You do show your dogs, right?

I'd suggest that you ask around at your local dog shows. I wouldn't be surprised if they showed up to any of your larger venues. The Syracuse shows are just a week away (3/27-30). You would be able to see their dogs if they happened to go to those shows, but they are both very busy people, so I don't even know if they would be able to mentor you themselves. Asking someone may get you pointed in the right direction.

Keep in mind that full cording takes 2-3 years to complete.


----------



## [email protected] (Mar 14, 2008)

Havtahava said:


> You do show your dogs, right?
> 
> I'd suggest that you ask around at your local dog shows. I wouldn't be surprised if they showed up to any of your larger venues. The Syracuse shows are just a week away (3/27-30). You would be able to see their dogs if they happened to go to those shows, but they are both very busy people, so I don't even know if they would be able to mentor you themselves. Asking someone may get you pointed in the right direction.
> 
> Keep in mind that full cording takes 2-3 years to complete.

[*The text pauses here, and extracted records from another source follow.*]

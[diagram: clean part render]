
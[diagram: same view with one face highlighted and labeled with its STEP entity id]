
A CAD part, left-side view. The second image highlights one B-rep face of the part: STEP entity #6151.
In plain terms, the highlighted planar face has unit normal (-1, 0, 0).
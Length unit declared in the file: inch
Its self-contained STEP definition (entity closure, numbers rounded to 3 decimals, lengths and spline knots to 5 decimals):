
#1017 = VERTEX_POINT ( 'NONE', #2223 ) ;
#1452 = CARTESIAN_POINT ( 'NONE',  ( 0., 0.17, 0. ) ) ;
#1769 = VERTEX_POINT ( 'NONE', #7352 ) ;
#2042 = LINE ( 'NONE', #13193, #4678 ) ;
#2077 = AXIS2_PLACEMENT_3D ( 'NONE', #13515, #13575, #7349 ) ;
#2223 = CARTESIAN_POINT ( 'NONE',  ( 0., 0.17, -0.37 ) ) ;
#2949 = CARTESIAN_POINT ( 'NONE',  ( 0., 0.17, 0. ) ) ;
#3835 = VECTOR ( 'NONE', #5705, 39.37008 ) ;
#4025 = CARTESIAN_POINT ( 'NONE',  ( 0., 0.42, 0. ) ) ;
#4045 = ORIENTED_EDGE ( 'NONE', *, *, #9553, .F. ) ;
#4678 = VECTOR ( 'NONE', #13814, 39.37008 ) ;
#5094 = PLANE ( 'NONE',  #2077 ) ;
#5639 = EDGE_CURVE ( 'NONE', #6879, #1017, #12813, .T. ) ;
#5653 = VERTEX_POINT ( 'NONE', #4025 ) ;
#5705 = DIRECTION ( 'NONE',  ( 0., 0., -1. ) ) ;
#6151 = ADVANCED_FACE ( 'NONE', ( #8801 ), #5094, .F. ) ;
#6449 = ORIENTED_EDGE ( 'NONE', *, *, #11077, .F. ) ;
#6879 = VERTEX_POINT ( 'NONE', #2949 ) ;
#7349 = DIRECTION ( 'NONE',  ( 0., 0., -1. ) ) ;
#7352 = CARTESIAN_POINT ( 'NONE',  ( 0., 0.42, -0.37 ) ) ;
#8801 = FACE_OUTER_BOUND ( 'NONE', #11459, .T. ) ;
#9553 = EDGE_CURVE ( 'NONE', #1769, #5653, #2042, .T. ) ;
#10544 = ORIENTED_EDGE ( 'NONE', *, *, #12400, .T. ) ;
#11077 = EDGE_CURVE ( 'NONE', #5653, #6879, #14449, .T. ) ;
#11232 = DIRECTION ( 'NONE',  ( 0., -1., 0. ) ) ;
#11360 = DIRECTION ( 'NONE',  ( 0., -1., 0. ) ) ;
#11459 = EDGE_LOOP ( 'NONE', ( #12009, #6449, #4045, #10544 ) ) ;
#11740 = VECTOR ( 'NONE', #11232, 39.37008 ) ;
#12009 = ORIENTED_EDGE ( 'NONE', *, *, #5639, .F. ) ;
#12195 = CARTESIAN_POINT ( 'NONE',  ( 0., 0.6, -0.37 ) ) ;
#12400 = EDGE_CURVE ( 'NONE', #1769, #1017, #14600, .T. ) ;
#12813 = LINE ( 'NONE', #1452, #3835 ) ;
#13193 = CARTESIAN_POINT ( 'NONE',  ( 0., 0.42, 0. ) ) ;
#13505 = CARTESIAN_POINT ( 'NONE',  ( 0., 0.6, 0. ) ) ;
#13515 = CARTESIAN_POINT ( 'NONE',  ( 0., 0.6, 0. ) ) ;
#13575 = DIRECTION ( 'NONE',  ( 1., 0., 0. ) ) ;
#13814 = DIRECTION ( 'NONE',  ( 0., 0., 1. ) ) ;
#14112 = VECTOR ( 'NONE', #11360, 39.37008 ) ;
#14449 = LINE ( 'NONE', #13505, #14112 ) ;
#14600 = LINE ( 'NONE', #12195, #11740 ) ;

No I do not show, I am just a hobby breeder that loves the breed....and I want all my friends and family to have a havanese!! My boy Ollie has the right coat that will make it easier to cord I just know nothing about it... Do you breed or show?


----------



## irnfit (Nov 21, 2006)

[email protected] said:


> How would I contact them? I have not heard of the..


I believe the name of their kennel is Fuzzy Farm, but they don't have a website. You might be able to find them listed thru AKC.


----------



## classeylassie (Jan 11, 2008)

I think I saw on here how to do it.If you type cording in search maybe you can find it.


----------



## Havtahava (Aug 20, 2006)

[email protected] said:


> No I do not show, I am just a hobby breeder that loves the breed....and I want all my friends and family to have a havanese!! My boy Ollie has the right coat that will make it easier to cord I just know nothing about it... Do you breed or show?


I'm a hobby breeder along with several others here, and yes, we absolutely show our dogs before we breed them. That's the whole reason for showing.

Have you considered getting in touch with your local Havanese club? I believe there are two of them in your vicinity. There is the Greater New York Havanese Club and the Delaware Valley Havanese Club.


----------